1. A pneumatic percussion mechanism, comprising:

a striker mounted so as to be movable in a percussion direction in a guide tube, and

at least one venting unit that is configured to influence a movement of the striker, the at least one venting unit including a setting unit configured to: set a percussion intensity, and influence, during a percussion operation, a venting of a percussion space adjoining the striker in the percussion direction in the guide tube.

2. The pneumatic percussion mechanism as claimed in claim 1, wherein the setting unit is further configured to set a flow cross section at at least one throttle point of the at least one venting unit.

3. The pneumatic percussion mechanism as claimed in claim 2, further comprising at least one throttle point located at a transition between a percussion mechanism space and a transmission space.

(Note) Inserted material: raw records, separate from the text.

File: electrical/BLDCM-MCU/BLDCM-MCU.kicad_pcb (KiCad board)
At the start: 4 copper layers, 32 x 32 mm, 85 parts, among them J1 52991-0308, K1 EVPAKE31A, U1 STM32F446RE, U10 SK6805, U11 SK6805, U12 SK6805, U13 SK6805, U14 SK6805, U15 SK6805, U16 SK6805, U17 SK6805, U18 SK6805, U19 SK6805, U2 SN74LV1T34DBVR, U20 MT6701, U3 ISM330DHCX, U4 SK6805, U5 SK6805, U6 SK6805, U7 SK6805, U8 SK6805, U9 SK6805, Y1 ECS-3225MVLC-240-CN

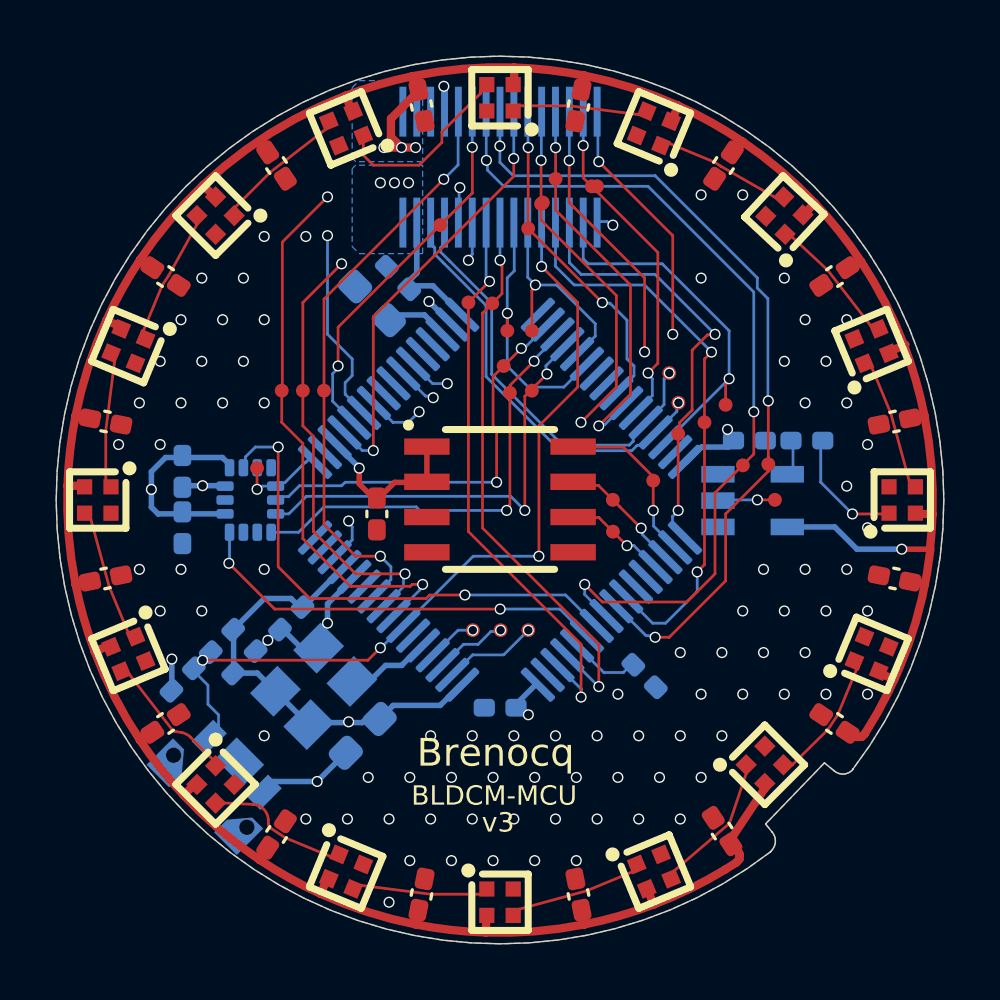
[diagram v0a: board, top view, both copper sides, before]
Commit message: Fix: PCB resistor rotation
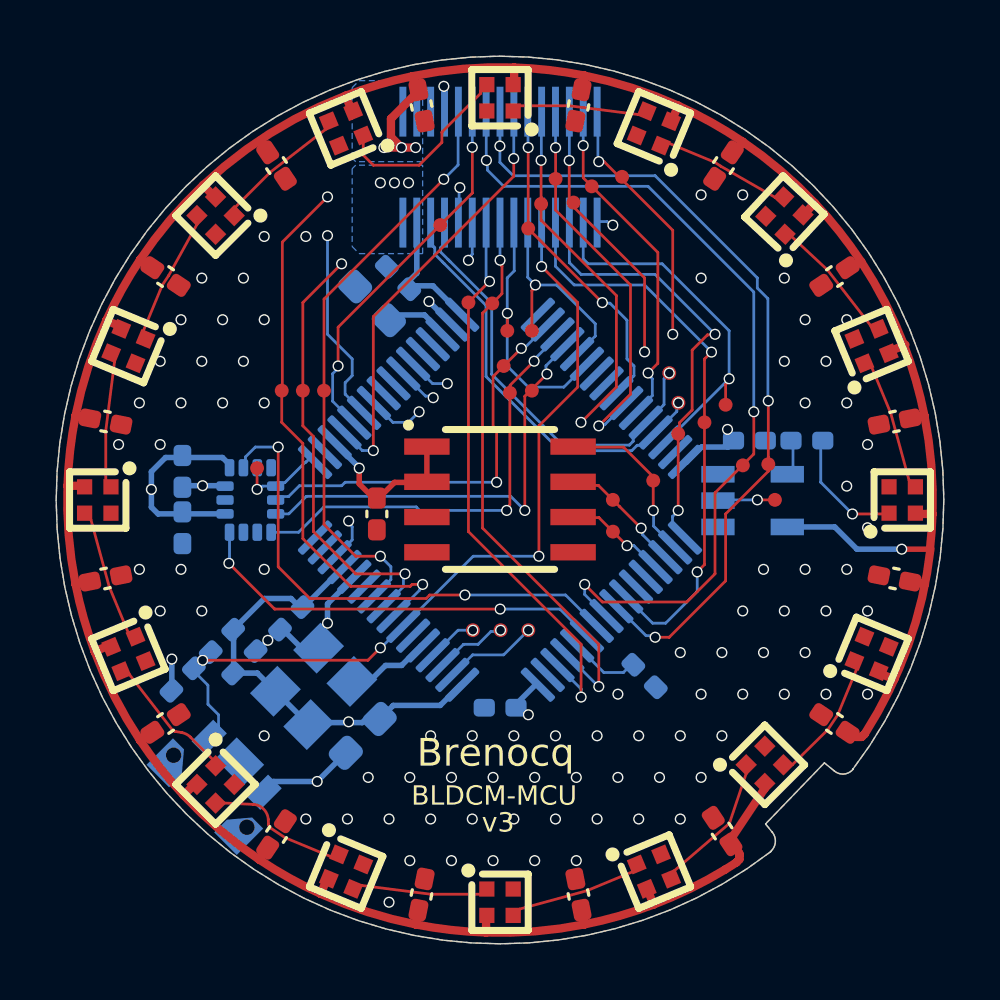
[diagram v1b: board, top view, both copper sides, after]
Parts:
- moved TP2 1.11 mm to (151.2, 94.3)
- moved TP4 0.96 mm to (152.9, 93.4)
- turned C10 to 90 degrees
- turned C11 to 11.25 degrees
- turned C12 to 33.75 degrees
- turned C13 to 56.25 degrees
- turned C14 to 78.75 degrees
- turned C15 to 101.25 degrees
- turned C16 to 123.75 degrees
- turned C17 to 146.25 degrees
- turned C18 to 168.75 degrees
- turned C19 to -168.75 degrees
- turned C2 to 45 degrees
- turned C20 to -146.25 degrees
- turned C21 to -123.75 degrees
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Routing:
- net RST: track 30.4 -> 0.00 mm, vias 4 -> 0
- net (no net): track 0.00 -> 30.4 mm, vias 0 -> 4
- net TMC.UL: track 20.9 -> 0.00 mm, vias 3 -> 0
- net /TMC.UL: track 0.00 -> 20.9 mm, vias 0 -> 3
- net TMC.WH: track 12.4 -> 0.00 mm, vias 2 -> 0
- net /TMC.WH: track 0.00 -> 12.4 mm, vias 0 -> 2
- net NetR5_2: track 4.44 -> 0.00 mm, vias 1 -> 0
- net Net-(U4-DI): track 0.00 -> 4.44 mm, vias 0 -> 1
- net BOOT0: track 2.57 -> 0.00 mm
- net /BOOT0: track 0.00 -> 2.57 mm
- net NetR5_1: track 1.31 -> 0.00 mm
- net Net-(U2-OUT): track 0.00 -> 1.31 mm

4. The pneumatic percussion mechanism as claimed in claim 1, wherein the setting unit has a fine percussive operation setting.

5. The pneumatic percussion mechanism as claimed in claim 1, wherein the setting unit has at least one setting configured for operation in a reduced ambient pressure.

6. The pneumatic percussion mechanism as claimed in claim 1, further comprising a control unit having an operating condition sensor unit, the control unit configured to set the setting unit, in at least one operating state, with reference to operating conditions.

7. A hand power tool, comprising a pneumatic percussion mechanism that includes:

a striker mounted so as to be movable in a percussion direction in a guide tube; and

at least one venting unit that is configured to influence a movement of the striker, the at least one venting unit including a setting unit configured to: set a percussion intensity, and influence, during a percussion operation, a venting of a percussion space adjoining the striker in the percussion direction in the guide tube.

8. A method of operating a pneumatic percussion mechanism, comprising

driving a movement of a striker mounted so as to be movable in a percussion direction in a guide tube; and

influencing the movement of the striker with at least one venting unit, wherein influencing the movement includes: setting a percussion intensity via a setting unit of the at least one venting unit; and influencing, during a percussion operation, a venting of a percussion space adjoining the striker in the percussion direction in the guide tube, via the setting unit.